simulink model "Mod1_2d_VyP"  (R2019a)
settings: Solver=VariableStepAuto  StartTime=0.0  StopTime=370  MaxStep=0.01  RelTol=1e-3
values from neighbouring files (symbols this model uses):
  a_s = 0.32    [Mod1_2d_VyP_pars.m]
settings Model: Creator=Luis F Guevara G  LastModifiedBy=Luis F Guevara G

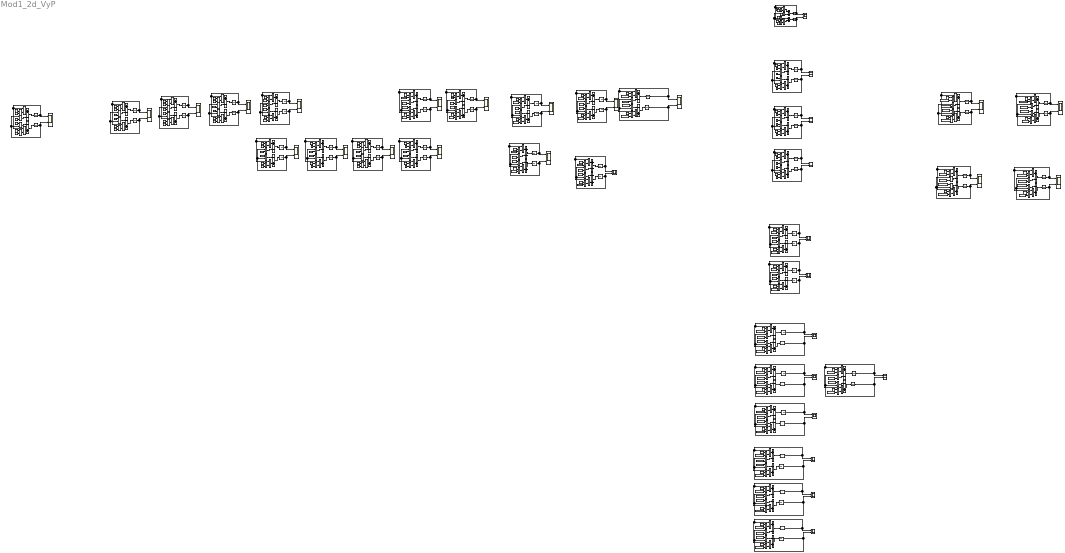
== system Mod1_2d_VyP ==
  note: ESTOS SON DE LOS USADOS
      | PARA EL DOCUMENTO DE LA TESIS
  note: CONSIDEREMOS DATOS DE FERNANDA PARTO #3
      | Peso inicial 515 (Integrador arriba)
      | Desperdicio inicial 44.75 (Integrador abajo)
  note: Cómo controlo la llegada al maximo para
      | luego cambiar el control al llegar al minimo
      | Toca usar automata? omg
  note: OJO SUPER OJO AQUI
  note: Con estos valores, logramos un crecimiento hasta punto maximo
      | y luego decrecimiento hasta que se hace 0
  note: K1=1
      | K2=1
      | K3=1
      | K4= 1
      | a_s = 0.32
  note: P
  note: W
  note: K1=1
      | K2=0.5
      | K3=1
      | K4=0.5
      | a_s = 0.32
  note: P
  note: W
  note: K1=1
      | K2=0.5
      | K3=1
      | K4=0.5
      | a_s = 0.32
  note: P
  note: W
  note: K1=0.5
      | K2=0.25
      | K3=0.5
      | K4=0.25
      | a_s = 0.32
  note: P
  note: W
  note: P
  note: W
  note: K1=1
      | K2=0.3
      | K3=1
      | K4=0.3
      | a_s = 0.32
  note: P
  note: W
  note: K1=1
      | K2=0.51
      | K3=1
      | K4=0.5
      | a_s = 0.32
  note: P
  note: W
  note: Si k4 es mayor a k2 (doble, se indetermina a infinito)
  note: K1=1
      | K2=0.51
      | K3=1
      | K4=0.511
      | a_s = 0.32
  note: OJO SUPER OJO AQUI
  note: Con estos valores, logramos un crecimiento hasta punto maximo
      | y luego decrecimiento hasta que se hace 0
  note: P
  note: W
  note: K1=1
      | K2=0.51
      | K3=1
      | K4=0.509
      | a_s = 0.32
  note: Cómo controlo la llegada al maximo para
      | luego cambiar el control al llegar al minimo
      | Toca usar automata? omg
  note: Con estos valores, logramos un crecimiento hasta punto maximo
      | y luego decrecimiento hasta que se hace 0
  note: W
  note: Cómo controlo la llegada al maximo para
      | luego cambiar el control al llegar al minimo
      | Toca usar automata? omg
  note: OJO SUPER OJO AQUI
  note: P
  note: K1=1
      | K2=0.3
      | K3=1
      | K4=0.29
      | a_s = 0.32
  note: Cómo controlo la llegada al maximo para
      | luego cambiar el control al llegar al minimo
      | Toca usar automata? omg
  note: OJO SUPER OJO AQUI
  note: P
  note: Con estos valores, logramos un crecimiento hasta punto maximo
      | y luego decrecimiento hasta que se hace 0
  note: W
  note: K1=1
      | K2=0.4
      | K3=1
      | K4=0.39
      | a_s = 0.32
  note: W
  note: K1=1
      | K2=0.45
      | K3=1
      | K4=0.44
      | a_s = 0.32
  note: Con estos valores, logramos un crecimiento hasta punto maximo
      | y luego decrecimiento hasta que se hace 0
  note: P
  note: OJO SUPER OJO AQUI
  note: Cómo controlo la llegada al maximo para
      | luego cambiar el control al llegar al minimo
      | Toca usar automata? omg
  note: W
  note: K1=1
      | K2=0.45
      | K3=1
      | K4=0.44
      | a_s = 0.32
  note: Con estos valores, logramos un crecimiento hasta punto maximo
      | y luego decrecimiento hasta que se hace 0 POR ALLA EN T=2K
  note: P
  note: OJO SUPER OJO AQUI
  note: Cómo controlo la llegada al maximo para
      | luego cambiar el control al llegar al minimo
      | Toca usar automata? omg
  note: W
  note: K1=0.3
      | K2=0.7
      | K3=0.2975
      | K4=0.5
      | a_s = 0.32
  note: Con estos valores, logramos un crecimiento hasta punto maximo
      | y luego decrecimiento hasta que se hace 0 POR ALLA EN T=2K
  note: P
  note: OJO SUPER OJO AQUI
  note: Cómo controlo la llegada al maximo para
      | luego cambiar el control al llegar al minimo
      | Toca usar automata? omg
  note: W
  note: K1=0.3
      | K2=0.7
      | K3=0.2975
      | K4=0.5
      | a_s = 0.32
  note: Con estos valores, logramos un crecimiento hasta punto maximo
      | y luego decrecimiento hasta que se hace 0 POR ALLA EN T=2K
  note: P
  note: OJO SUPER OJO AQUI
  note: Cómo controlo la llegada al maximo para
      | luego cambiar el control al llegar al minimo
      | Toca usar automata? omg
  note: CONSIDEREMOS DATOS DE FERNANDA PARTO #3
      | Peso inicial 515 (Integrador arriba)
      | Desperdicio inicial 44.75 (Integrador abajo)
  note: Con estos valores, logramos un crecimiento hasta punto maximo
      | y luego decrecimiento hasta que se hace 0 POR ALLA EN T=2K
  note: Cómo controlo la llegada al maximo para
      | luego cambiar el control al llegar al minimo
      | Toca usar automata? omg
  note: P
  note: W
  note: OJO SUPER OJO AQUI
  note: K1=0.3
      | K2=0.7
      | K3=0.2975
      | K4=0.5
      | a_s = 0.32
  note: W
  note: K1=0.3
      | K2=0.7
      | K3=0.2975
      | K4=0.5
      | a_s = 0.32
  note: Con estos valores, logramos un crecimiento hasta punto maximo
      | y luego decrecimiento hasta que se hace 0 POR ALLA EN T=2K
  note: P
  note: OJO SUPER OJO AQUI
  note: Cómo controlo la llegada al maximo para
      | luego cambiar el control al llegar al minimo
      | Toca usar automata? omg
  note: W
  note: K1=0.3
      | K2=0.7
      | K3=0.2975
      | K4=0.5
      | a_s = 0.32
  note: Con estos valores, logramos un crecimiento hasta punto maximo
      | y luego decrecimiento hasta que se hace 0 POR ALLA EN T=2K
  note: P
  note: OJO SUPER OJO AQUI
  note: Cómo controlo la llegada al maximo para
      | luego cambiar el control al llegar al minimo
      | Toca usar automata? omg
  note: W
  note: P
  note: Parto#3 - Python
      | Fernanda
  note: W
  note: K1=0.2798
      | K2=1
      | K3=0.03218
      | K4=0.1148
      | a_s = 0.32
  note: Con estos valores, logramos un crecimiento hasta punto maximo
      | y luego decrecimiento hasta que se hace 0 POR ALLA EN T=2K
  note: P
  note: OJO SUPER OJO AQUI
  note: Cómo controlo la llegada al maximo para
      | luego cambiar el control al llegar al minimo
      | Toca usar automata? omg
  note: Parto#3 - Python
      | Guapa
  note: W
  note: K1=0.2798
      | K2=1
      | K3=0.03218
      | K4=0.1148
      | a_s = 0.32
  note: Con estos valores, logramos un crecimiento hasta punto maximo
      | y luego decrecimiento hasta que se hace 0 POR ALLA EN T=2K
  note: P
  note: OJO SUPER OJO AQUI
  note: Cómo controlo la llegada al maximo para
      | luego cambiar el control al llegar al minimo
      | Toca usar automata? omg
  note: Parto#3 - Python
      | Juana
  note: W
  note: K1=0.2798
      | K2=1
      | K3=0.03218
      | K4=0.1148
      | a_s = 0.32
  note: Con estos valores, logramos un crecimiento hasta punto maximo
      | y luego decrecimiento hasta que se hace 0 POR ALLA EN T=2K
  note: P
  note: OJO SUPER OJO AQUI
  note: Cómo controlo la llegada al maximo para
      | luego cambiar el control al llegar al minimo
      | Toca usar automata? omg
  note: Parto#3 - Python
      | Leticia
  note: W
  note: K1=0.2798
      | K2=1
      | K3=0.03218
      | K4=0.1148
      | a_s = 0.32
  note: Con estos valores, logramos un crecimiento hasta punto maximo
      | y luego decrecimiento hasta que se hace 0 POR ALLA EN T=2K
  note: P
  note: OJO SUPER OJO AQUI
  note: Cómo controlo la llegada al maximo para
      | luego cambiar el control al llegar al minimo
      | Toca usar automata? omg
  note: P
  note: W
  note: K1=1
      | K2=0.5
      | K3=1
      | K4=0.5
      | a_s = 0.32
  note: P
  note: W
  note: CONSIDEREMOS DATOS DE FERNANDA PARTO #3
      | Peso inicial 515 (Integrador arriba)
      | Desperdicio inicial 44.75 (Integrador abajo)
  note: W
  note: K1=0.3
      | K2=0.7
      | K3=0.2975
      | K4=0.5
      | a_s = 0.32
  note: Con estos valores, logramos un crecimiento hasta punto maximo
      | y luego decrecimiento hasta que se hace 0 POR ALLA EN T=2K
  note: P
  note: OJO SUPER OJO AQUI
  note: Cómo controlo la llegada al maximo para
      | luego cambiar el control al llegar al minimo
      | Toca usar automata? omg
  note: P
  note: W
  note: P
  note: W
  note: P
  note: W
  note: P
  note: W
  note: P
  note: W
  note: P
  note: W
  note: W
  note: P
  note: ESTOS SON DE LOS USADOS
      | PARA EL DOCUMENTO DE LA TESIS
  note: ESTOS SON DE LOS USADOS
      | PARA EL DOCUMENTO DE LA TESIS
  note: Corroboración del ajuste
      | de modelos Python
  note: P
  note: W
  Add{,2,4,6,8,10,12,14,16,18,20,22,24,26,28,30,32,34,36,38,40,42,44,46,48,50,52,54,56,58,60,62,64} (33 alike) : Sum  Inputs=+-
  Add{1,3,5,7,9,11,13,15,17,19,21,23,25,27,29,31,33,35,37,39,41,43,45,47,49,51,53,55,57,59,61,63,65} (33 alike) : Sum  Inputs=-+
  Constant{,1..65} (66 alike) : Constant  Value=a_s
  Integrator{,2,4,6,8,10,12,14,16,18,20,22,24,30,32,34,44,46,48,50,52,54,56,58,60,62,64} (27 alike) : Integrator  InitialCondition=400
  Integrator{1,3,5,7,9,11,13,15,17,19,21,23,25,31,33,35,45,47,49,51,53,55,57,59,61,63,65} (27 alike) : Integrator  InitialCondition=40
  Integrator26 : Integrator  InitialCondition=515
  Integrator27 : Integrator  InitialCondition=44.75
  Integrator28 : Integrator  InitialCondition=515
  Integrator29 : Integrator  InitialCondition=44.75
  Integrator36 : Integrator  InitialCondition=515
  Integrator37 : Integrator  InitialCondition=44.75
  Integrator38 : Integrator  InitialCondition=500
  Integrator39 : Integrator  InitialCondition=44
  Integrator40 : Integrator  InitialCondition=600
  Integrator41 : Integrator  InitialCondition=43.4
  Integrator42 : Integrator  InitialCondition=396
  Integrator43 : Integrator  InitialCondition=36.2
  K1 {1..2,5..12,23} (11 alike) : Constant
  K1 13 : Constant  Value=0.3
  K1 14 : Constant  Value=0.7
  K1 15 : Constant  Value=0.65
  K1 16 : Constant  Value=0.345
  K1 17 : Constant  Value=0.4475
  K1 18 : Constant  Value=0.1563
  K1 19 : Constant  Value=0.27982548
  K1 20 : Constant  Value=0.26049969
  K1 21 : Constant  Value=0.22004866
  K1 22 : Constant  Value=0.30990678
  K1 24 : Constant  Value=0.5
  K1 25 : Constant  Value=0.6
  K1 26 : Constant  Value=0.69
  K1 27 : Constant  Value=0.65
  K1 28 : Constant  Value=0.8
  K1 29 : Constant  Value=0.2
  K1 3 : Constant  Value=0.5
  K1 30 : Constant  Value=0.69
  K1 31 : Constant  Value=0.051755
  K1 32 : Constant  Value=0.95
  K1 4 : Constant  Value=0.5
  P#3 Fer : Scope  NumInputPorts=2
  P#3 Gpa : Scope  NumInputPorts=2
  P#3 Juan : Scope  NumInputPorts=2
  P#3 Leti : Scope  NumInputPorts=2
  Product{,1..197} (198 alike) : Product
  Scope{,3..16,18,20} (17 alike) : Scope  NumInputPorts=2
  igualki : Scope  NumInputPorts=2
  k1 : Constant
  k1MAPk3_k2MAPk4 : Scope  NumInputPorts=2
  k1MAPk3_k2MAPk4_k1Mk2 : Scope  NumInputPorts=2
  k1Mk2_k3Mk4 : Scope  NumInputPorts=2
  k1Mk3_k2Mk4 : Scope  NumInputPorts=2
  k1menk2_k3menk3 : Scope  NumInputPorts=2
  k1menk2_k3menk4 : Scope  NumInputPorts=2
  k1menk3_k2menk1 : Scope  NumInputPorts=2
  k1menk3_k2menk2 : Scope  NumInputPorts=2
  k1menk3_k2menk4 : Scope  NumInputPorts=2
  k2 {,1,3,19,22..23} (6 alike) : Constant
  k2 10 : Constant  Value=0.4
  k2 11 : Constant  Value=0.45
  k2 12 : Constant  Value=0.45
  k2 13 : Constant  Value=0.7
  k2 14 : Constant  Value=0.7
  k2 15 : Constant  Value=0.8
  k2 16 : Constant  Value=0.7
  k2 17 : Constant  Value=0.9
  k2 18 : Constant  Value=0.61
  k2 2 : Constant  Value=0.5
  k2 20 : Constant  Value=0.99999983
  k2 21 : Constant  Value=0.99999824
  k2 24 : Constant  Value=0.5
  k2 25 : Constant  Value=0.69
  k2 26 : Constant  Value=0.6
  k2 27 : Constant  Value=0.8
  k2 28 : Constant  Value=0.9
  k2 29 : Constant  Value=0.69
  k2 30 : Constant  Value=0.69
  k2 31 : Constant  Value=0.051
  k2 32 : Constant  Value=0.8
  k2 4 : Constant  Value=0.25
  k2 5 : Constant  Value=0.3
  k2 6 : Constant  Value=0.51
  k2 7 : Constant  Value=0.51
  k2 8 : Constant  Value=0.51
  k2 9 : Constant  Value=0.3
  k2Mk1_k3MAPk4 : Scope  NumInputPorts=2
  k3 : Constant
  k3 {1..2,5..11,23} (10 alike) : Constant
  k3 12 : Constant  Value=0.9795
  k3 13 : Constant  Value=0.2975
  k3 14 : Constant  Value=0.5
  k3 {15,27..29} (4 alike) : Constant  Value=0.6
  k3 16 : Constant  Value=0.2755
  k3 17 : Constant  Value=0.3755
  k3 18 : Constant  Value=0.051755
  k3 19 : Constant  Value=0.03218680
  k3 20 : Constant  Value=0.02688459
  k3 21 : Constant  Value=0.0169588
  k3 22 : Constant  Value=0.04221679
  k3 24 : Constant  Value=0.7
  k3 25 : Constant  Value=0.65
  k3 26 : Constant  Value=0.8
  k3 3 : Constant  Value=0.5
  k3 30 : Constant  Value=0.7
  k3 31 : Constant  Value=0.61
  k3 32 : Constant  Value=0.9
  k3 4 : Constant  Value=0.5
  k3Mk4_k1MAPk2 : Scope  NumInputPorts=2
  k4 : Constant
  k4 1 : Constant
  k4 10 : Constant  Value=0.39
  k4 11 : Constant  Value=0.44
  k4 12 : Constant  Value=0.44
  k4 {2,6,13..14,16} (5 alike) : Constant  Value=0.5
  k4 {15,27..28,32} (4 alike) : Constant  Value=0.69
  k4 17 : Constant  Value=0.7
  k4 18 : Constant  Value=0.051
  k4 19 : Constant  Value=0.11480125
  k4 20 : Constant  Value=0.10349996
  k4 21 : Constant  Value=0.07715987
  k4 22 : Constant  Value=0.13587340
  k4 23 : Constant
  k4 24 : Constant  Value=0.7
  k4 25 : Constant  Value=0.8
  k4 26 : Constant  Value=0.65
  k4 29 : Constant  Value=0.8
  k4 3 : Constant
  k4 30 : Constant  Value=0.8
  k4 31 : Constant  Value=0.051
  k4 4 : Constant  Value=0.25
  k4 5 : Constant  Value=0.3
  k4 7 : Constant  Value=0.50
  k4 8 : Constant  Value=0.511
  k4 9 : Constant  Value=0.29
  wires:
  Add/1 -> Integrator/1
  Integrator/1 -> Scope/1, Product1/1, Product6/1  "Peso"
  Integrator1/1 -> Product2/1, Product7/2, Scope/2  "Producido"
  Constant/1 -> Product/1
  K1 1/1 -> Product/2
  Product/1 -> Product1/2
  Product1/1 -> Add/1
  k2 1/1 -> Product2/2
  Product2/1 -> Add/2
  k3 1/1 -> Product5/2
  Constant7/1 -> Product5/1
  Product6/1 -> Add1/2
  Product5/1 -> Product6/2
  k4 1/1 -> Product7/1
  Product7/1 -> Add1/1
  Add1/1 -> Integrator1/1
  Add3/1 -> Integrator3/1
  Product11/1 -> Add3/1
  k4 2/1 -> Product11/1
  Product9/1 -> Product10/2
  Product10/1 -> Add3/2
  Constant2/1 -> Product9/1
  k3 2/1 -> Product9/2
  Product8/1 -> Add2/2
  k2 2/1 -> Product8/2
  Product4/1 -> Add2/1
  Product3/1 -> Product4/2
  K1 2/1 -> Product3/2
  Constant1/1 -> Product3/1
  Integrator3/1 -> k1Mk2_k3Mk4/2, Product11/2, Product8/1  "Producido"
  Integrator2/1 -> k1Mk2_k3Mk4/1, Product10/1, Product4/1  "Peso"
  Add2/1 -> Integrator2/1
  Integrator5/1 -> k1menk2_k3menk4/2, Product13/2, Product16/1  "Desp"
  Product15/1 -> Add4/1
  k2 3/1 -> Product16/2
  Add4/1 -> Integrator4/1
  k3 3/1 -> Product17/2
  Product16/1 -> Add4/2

- - -

Task prompt: Given the records above, reproduce precisely and only the lines between the line holding "k2 16 : Constant" and the line holding "k3 32 : Constant", inclusive.

Exercise answer:
  k2 16 : Constant  Value=0.7
  k2 17 : Constant  Value=0.9
  k2 18 : Constant  Value=0.61
  k2 2 : Constant  Value=0.5
  k2 20 : Constant  Value=0.99999983
  k2 21 : Constant  Value=0.99999824
  k2 24 : Constant  Value=0.5
  k2 25 : Constant  Value=0.69
  k2 26 : Constant  Value=0.6
  k2 27 : Constant  Value=0.8
  k2 28 : Constant  Value=0.9
  k2 29 : Constant  Value=0.69
  k2 30 : Constant  Value=0.69
  k2 31 : Constant  Value=0.051
  k2 32 : Constant  Value=0.8
  k2 4 : Constant  Value=0.25
  k2 5 : Constant  Value=0.3
  k2 6 : Constant  Value=0.51
  k2 7 : Constant  Value=0.51
  k2 8 : Constant  Value=0.51
  k2 9 : Constant  Value=0.3
  k2Mk1_k3MAPk4 : Scope  NumInputPorts=2
  k3 : Constant
  k3 {1..2,5..11,23} (10 alike) : Constant
  k3 12 : Constant  Value=0.9795
  k3 13 : Constant  Value=0.2975
  k3 14 : Constant  Value=0.5
  k3 {15,27..29} (4 alike) : Constant  Value=0.6
  k3 16 : Constant  Value=0.2755
  k3 17 : Constant  Value=0.3755
  k3 18 : Constant  Value=0.051755
  k3 19 : Constant  Value=0.03218680
  k3 20 : Constant  Value=0.02688459
  k3 21 : Constant  Value=0.0169588
  k3 22 : Constant  Value=0.04221679
  k3 24 : Constant  Value=0.7
  k3 25 : Constant  Value=0.65
  k3 26 : Constant  Value=0.8
  k3 3 : Constant  Value=0.5
  k3 30 : Constant  Value=0.7
  k3 31 : Constant  Value=0.61
  k3 32 : Constant  Value=0.9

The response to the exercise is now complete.